** Opening Record excerpts block **

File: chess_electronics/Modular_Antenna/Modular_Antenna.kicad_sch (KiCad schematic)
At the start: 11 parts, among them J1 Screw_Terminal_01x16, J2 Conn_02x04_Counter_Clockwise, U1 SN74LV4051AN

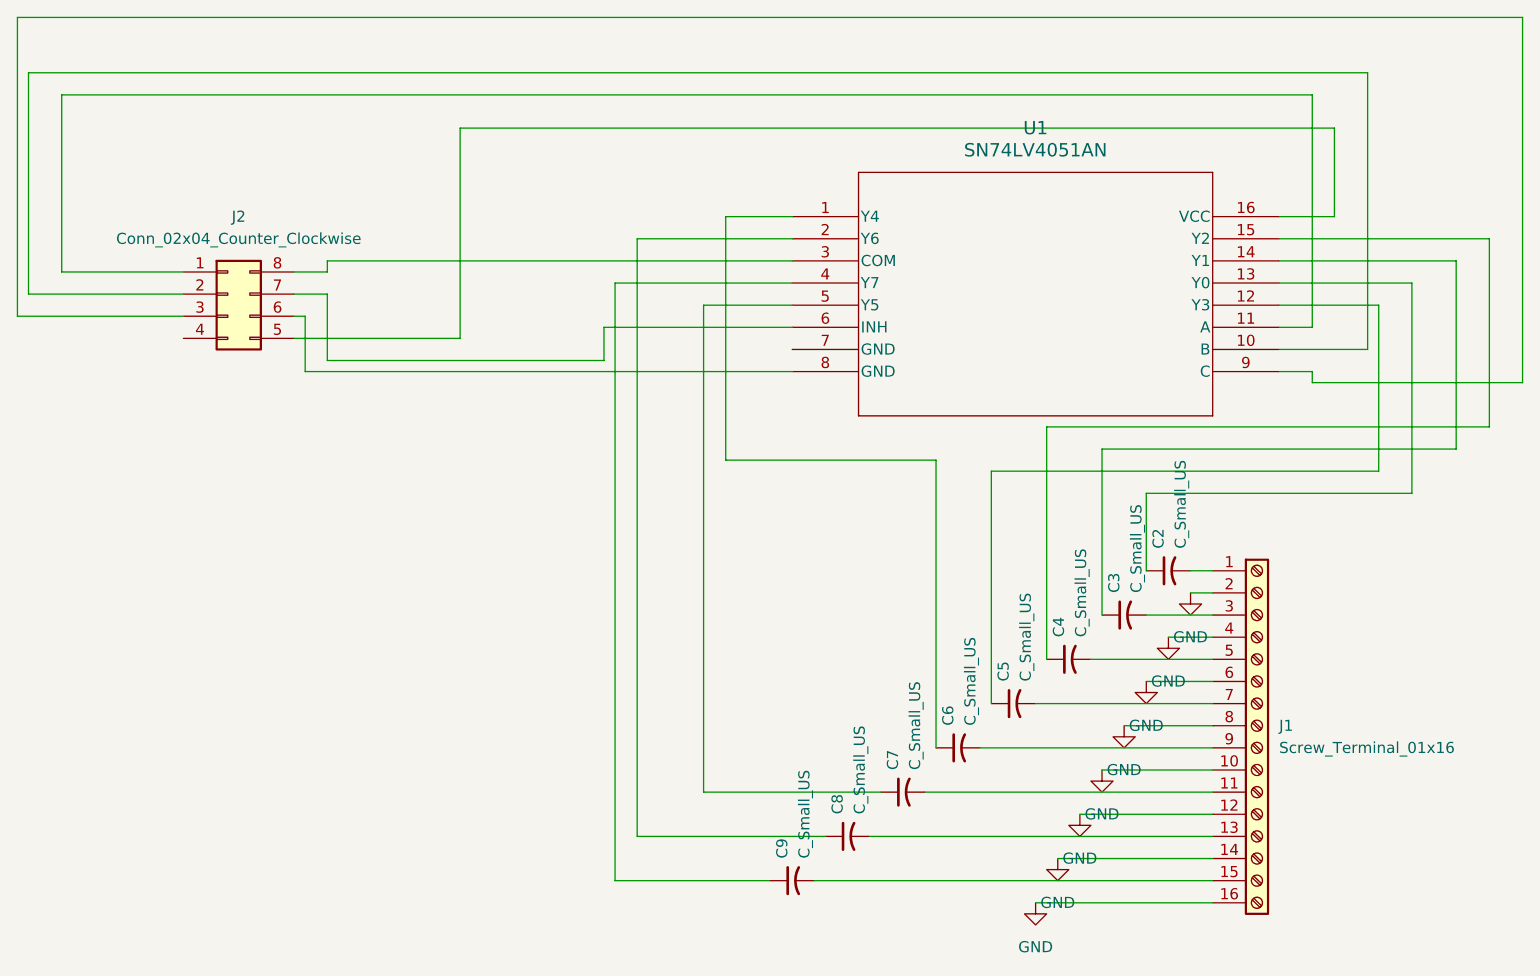
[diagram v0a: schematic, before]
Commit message: Add normally closed relay to modular antenna design
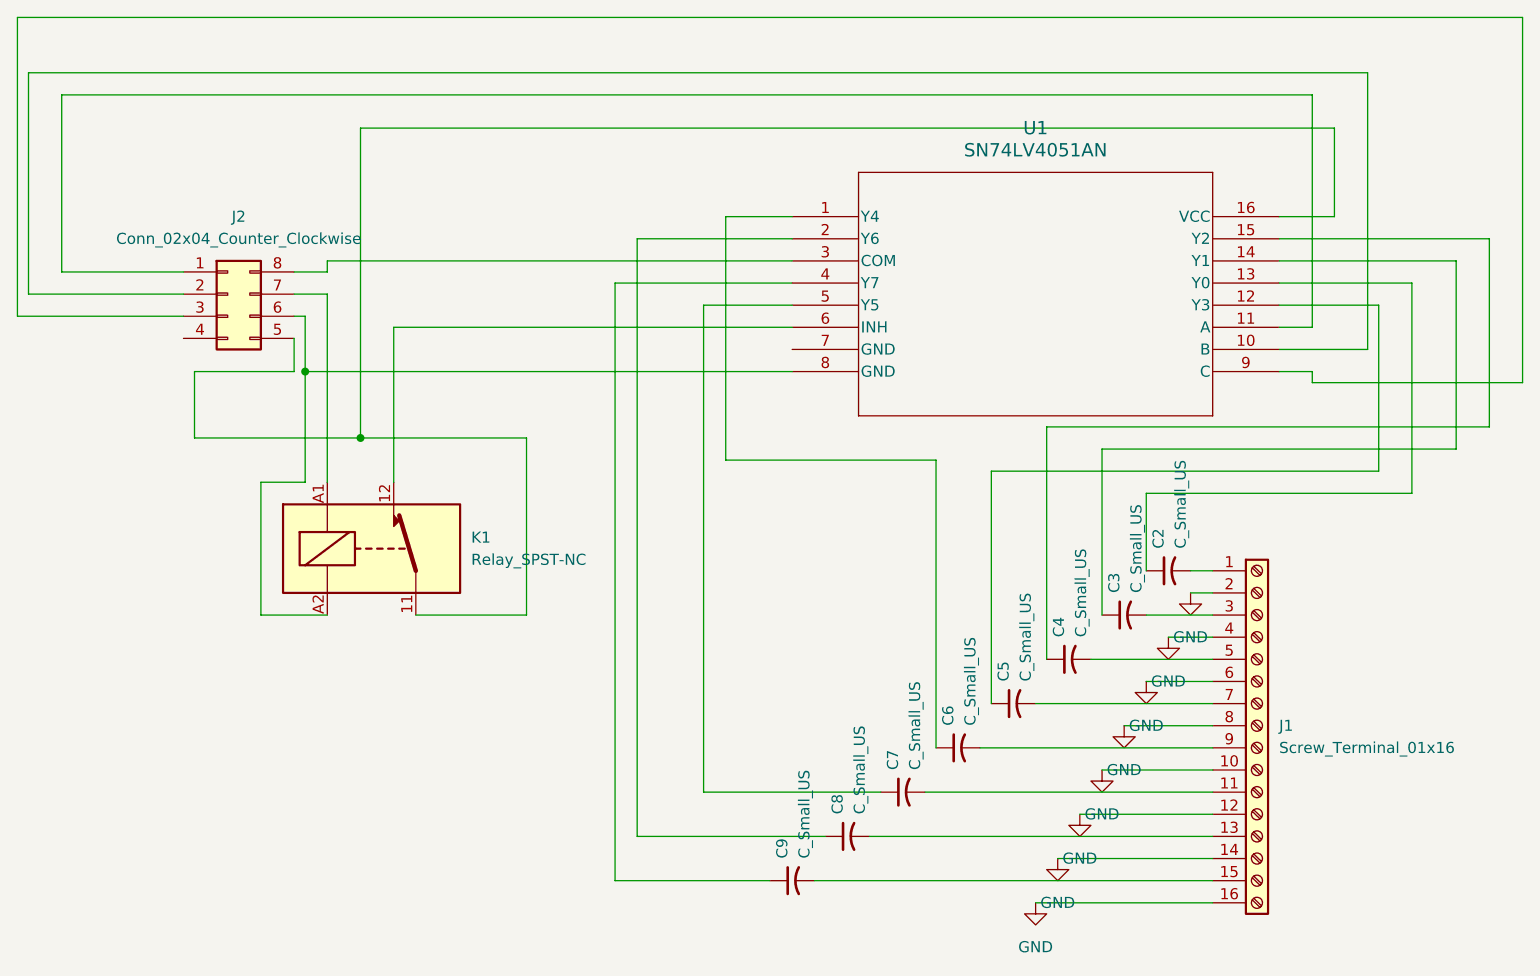
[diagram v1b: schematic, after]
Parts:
- added K1: Relay_SPST-NC, Relay_THT:Relay_SPST_Zettler-AZSR131, symbol Relay:Relay_SPST-NC
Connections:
- net at J2.5 (Pin_5), U1.16 (VCC): now also K1.11
- net at U1.6 (INH): now also K1.12; no longer J2.7 (Pin_7)
- net at J2.6 (Pin_6), U1.8 (GND): now also K1.A2
- new net: J2.7 (Pin_7), K1.A1
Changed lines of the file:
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@@
 	(generator_version "9.0")
 	(paper "A4")
+	(junction
+		(at 55.88 95.25)
+		(diameter 0)
+		(color 0 0 0 0)
+	)
+	(junction
+		(at 49.53 87.63)
+		(diameter 0)
+		(color 0 0 0 0)
+	)
 	(wire
 		(pts
@@
 	(wire
 		(pts
+			(xy 36.83 95.25) (xy 36.83 87.63)
+		)
+		(stroke
+			(width 0)
+			(type default)
+		)
+	)
+	(wire
+		(pts
 			(xy 171.45 53.34) (xy 17.78 53.34)
 		)
@@
 	(wire
 		(pts
+			(xy 55.88 95.25) (xy 74.93 95.25)
+		)
+		(stroke
+			(width 0)
+			(type default)
+		)
+	)
+	(wire
+		(pts
 			(xy 143.51 128.27) (xy 153.67 128.27)
 		)
@@
 	(wire
 		(pts
+			(xy 36.83 87.63) (xy 48.26 87.63)
+		)
+		(stroke
+			(width 0)
+			(type default)
+		)
+	)
+	(wire
+		(pts
 			(xy 151.13 110.49) (xy 153.67 110.49)
 		)
@@
 	(wire
 		(pts
+			(xy 52.07 100.33) (xy 52.07 78.74)
+		)
+		(stroke
+			(width 0)
+			(type default)
+		)
+	)
+	(wire
+		(pts
 			(xy 95.25 80.01) (xy 95.25 135.89)
 		)
@@
 	(wire
 		(pts
-			(xy 52.07 86.36) (xy 52.07 78.74)
-		)
-		(stroke
-			(width 0)
-			(type default)
-		)
-	)
-	(wire
-		(pts
 			(xy 85.09 146.05) (xy 85.09 77.47)
 		)
@@
 	(wire
 		(pts
+			(xy 74.93 115.57) (xy 74.93 95.25)
+		)
+		(stroke
+			(width 0)
+			(type default)
+		)
+	)
+	(wire
+		(pts
 			(xy 146.05 115.57) (xy 153.67 115.57)
 		)
@@
 	(wire
 		(pts
+			(xy 49.53 87.63) (xy 49.53 100.33)
+		)
+		(stroke
+			(width 0)
+			(type default)
+		)
+	)
+	(wire
+		(pts
+			(xy 44.45 100.33) (xy 44.45 115.57)
+		)
+		(stroke
+			(width 0)
+			(type default)
+		)
+	)
+	(wire
+		(pts
+			(xy 59.69 100.33) (xy 59.69 82.55)
+		)
+		(stroke
+			(width 0)
+			(type default)
+		)
+	)
+	(wire
+		(pts
 			(xy 120.65 135.89) (xy 153.67 135.89)
 		)
@@
 	(wire
 		(pts
-			(xy 67.31 59.69) (xy 67.31 83.82)
+			(xy 55.88 59.69) (xy 55.88 95.25)
 		)
 		(stroke
@@
 	(wire
 		(pts
-			(xy 67.31 83.82) (xy 48.26 83.82)
+			(xy 36.83 95.25) (xy 55.88 95.25)
 		)
 		(stroke
@@
 	(wire
 		(pts
+			(xy 48.26 78.74) (xy 52.07 78.74)
+		)
+		(stroke
+			(width 0)
+			(type default)
+		)
+	)
+	(wire
+		(pts
 			(xy 161.29 85.09) (xy 171.45 85.09)
 		)
@@
 	(wire
 		(pts
-			(xy 52.07 86.36) (xy 83.82 86.36)
-		)
-		(stroke
-			(width 0)
-			(type default)
-		)
-	)
-	(wire
-		(pts
 			(xy 167.64 69.85) (xy 167.64 59.69)
 		)
@@
 	(wire
 		(pts
+			(xy 62.23 115.57) (xy 74.93 115.57)
+		)
+		(stroke
+			(width 0)
+			(type default)
+		)
+	)
+	(wire
+		(pts
 			(xy 165.1 87.63) (xy 165.1 88.9)
 		)
@@
 	(wire
 		(pts
-			(xy 52.07 78.74) (xy 48.26 78.74)
-		)
-		(stroke
-			(width 0)
-			(type default)
-		)
-	)
-	(wire
-		(pts
 			(xy 135.89 143.51) (xy 153.67 143.51)
 		)
@@
 	(wire
 		(pts
-			(xy 167.64 59.69) (xy 67.31 59.69)
+			(xy 59.69 82.55) (xy 105.41 82.55)
+		)
+		(stroke
+			(width 0)
+			(type default)
+		)
+	)
+	(wire
+		(pts
+			(xy 167.64 59.69) (xy 55.88 59.69)
 		)
 		(stroke
@@
 	(wire
 		(pts
+			(xy 48.26 87.63) (xy 48.26 83.82)
+		)
+		(stroke
+			(width 0)
+			(type default)
+		)
+	)
+	(wire
+		(pts
 			(xy 87.63 72.39) (xy 105.41 72.39)
 		)
@@
 	(wire
 		(pts
-			(xy 83.82 82.55) (xy 83.82 86.36)
+			(xy 44.45 115.57) (xy 52.07 115.57)
 		)
 		(stroke
@@
 	(wire
 		(pts
+			(xy 49.53 100.33) (xy 44.45 100.33)
+		)
+		(stroke
+			(width 0)
+			(type default)
+		)
+	)
+	(wire
+		(pts
 			(xy 52.07 76.2) (xy 48.26 76.2)
-		)
-		(stroke
-			(width 0)
-			(type default)
-		)
-	)
-	(wire
-		(pts
-			(xy 105.41 82.55) (xy 83.82 82.55)
 		)
 		(stroke
@@
 					(unit 1)
 				)
+			)
+		)
+	)
+	(symbol
+		(lib_id "Relay:Relay_SPST-NC")
+		(at 57.15 107.95 0)
+		(unit 1)
+		(exclude_from_sim no)
+		(in_bom yes)
+		(on_board yes)
+		(dnp no)
+		(fields_autoplaced yes)
+		(property "Reference" "K1"
+			(at 68.58 106.6799 0)
+			(effects
+				(font
+					(size 1.27 1.27)
+				)
+				(justify left)
+			)
+		)
+		(property "Value" "Relay_SPST-NC"
+			(at 68.58 109.2199 0)
+			(effects
+				(font
+					(size 1.27 1.27)
+				)
+				(justify left)
+			)
+		)
+		(property "Footprint" "Relay_THT:Relay_SPST_Zettler-AZSR131"
+			(at 68.58 109.22 0)
+			(effects
+				(font
+					(size 1.27 1.27)
+				)
+				(justify left)
+				(hide yes)
+			)
+		)
+		(property "Datasheet" "~"
+			(at 57.15 107.95 0)
+			(effects
+				(font
+					(size 1.27 1.27)
+				)
+				(hide yes)
+			)
+		)
+		(property "Description" "Relay SPST, normally closed, EN50005"
+			(at 57.15 107.95 0)
+			(effects
+				(font
+					(size 1.27 1.27)
+				)
+				(hide yes)
+			)
+		)
+		(pin "12"
+		)
+		(pin "A2"
+		)
+		(pin "A1"
+		)
+		(pin "11"
+		)
+		(instances
+			(project ""
+				(path "/2162e48e-6969-420a-8380-db6243e992e1"
+					(reference "K1")
+					(unit 1)
+				)

** Closing Record excerpts block **

» **Work required**
The pictures alone are to be left out when the data above is copied; all else must match exactly.

» **Result of the task**
File: chess_electronics/Modular_Antenna/Modular_Antenna.kicad_sch (KiCad schematic)
At the start: 11 parts, among them J1 Screw_Terminal_01x16, J2 Conn_02x04_Counter_Clockwise, U1 SN74LV4051AN

[diagram v0a: schematic, before]
Commit message: Add normally closed relay to modular antenna design
[diagram v1b: schematic, after]
Parts:
- added K1: Relay_SPST-NC, Relay_THT:Relay_SPST_Zettler-AZSR131, symbol Relay:Relay_SPST-NC
Connections:
- net at J2.5 (Pin_5), U1.16 (VCC): now also K1.11
- net at U1.6 (INH): now also K1.12; no longer J2.7 (Pin_7)
- net at J2.6 (Pin_6), U1.8 (GND): now also K1.A2
- new net: J2.7 (Pin_7), K1.A1
Changed lines of the file:
@@
 	(generator_version "9.0")
 	(paper "A4")
+	(junction
+		(at 55.88 95.25)
+		(diameter 0)
+		(color 0 0 0 0)
+	)
+	(junction
+		(at 49.53 87.63)
+		(diameter 0)
+		(color 0 0 0 0)
+	)
 	(wire
 		(pts
@@
 	(wire
 		(pts
+			(xy 36.83 95.25) (xy 36.83 87.63)
+		)
+		(stroke
+			(width 0)
+			(type default)
+		)
+	)
+	(wire
+		(pts
 			(xy 171.45 53.34) (xy 17.78 53.34)
 		)
@@
 	(wire
 		(pts
+			(xy 55.88 95.25) (xy 74.93 95.25)
+		)
+		(stroke
+			(width 0)
+			(type default)
+		)
+	)
+	(wire
+		(pts
 			(xy 143.51 128.27) (xy 153.67 128.27)
 		)
@@
 	(wire
 		(pts
+			(xy 36.83 87.63) (xy 48.26 87.63)
+		)
+		(stroke
+			(width 0)
+			(type default)
+		)
+	)
+	(wire
+		(pts
 			(xy 151.13 110.49) (xy 153.67 110.49)
 		)
@@
 	(wire
 		(pts
+			(xy 52.07 100.33) (xy 52.07 78.74)
+		)
+		(stroke
+			(width 0)
+			(type default)
+		)
+	)
+	(wire
+		(pts
 			(xy 95.25 80.01) (xy 95.25 135.89)
 		)
@@
 	(wire
 		(pts
-			(xy 52.07 86.36) (xy 52.07 78.74)
-		)
-		(stroke
-			(width 0)
-			(type default)
-		)
-	)
-	(wire
-		(pts
 			(xy 85.09 146.05) (xy 85.09 77.47)
 		)
@@
 	(wire
 		(pts
+			(xy 74.93 115.57) (xy 74.93 95.25)
+		)
+		(stroke
+			(width 0)
+			(type default)
+		)
+	)
+	(wire
+		(pts
 			(xy 146.05 115.57) (xy 153.67 115.57)
 		)
@@
 	(wire
 		(pts
+			(xy 49.53 87.63) (xy 49.53 100.33)
+		)
+		(stroke
+			(width 0)
+			(type default)
+		)
+	)
+	(wire
+		(pts
+			(xy 44.45 100.33) (xy 44.45 115.57)
+		)
+		(stroke
+			(width 0)
+			(type default)
+		)
+	)
+	(wire
+		(pts
+			(xy 59.69 100.33) (xy 59.69 82.55)
+		)
+		(stroke
+			(width 0)
+			(type default)
+		)
+	)
+	(wire
+		(pts
 			(xy 120.65 135.89) (xy 153.67 135.89)
 		)
@@
 	(wire
 		(pts
-			(xy 67.31 59.69) (xy 67.31 83.82)
+			(xy 55.88 59.69) (xy 55.88 95.25)
 		)
 		(stroke
@@
 	(wire
 		(pts
-			(xy 67.31 83.82) (xy 48.26 83.82)
+			(xy 36.83 95.25) (xy 55.88 95.25)
 		)
 		(stroke
@@
 	(wire
 		(pts
+			(xy 48.26 78.74) (xy 52.07 78.74)
+		)
+		(stroke
+			(width 0)
+			(type default)
+		)
+	)
+	(wire
+		(pts
 			(xy 161.29 85.09) (xy 171.45 85.09)
 		)
@@
 	(wire
 		(pts
-			(xy 52.07 86.36) (xy 83.82 86.36)
-		)
-		(stroke
-			(width 0)
-			(type default)
-		)
-	)
-	(wire
-		(pts
 			(xy 167.64 69.85) (xy 167.64 59.69)
 		)
@@
 	(wire
 		(pts
+			(xy 62.23 115.57) (xy 74.93 115.57)
+		)
+		(stroke
+			(width 0)
+			(type default)
+		)
+	)
+	(wire
+		(pts
 			(xy 165.1 87.63) (xy 165.1 88.9)
 		)
@@
 	(wire
 		(pts
-			(xy 52.07 78.74) (xy 48.26 78.74)
-		)
-		(stroke
-			(width 0)
-			(type default)
-		)
-	)
-	(wire
-		(pts
 			(xy 135.89 143.51) (xy 153.67 143.51)
 		)
@@
 	(wire
 		(pts
-			(xy 167.64 59.69) (xy 67.31 59.69)
+			(xy 59.69 82.55) (xy 105.41 82.55)
+		)
+		(stroke
+			(width 0)
+			(type default)
+		)
+	)
+	(wire
+		(pts
+			(xy 167.64 59.69) (xy 55.88 59.69)
 		)
 		(stroke
@@
 	(wire
 		(pts
+			(xy 48.26 87.63) (xy 48.26 83.82)
+		)
+		(stroke
+			(width 0)
+			(type default)
+		)
+	)
+	(wire
+		(pts
 			(xy 87.63 72.39) (xy 105.41 72.39)
 		)
@@
 	(wire
 		(pts
-			(xy 83.82 82.55) (xy 83.82 86.36)
+			(xy 44.45 115.57) (xy 52.07 115.57)
 		)
 		(stroke
@@
 	(wire
 		(pts
+			(xy 49.53 100.33) (xy 44.45 100.33)
+		)
+		(stroke
+			(width 0)
+			(type default)
+		)
+	)
+	(wire
+		(pts
 			(xy 52.07 76.2) (xy 48.26 76.2)
-		)
-		(stroke
-			(width 0)
-			(type default)
-		)
-	)
-	(wire
-		(pts
-			(xy 105.41 82.55) (xy 83.82 82.55)
 		)
 		(stroke
@@
 					(unit 1)
 				)
+			)
+		)
+	)
+	(symbol
+		(lib_id "Relay:Relay_SPST-NC")
+		(at 57.15 107.95 0)
+		(unit 1)
+		(exclude_from_sim no)
+		(in_bom yes)
+		(on_board yes)
+		(dnp no)
+		(fields_autoplaced yes)
+		(property "Reference" "K1"
+			(at 68.58 106.6799 0)
+			(effects
+				(font
+					(size 1.27 1.27)
+				)
+				(justify left)
+			)
+		)
+		(property "Value" "Relay_SPST-NC"
+			(at 68.58 109.2199 0)
+			(effects
+				(font
+					(size 1.27 1.27)
+				)
+				(justify left)
+			)
+		)
+		(property "Footprint" "Relay_THT:Relay_SPST_Zettler-AZSR131"
+			(at 68.58 109.22 0)
+			(effects
+				(font
+					(size 1.27 1.27)
+				)
+				(justify left)
+				(hide yes)
+			)
+		)
+		(property "Datasheet" "~"
+			(at 57.15 107.95 0)
+			(effects
+				(font
+					(size 1.27 1.27)
+				)
+				(hide yes)
+			)
+		)
+		(property "Description" "Relay SPST, normally closed, EN50005"
+			(at 57.15 107.95 0)
+			(effects
+				(font
+					(size 1.27 1.27)
+				)
+				(hide yes)
+			)
+		)
+		(pin "12"
+		)
+		(pin "A2"
+		)
+		(pin "A1"
+		)
+		(pin "11"
+		)
+		(instances
+			(project ""
+				(path "/2162e48e-6969-420a-8380-db6243e992e1"
+					(reference "K1")
+					(unit 1)
+				)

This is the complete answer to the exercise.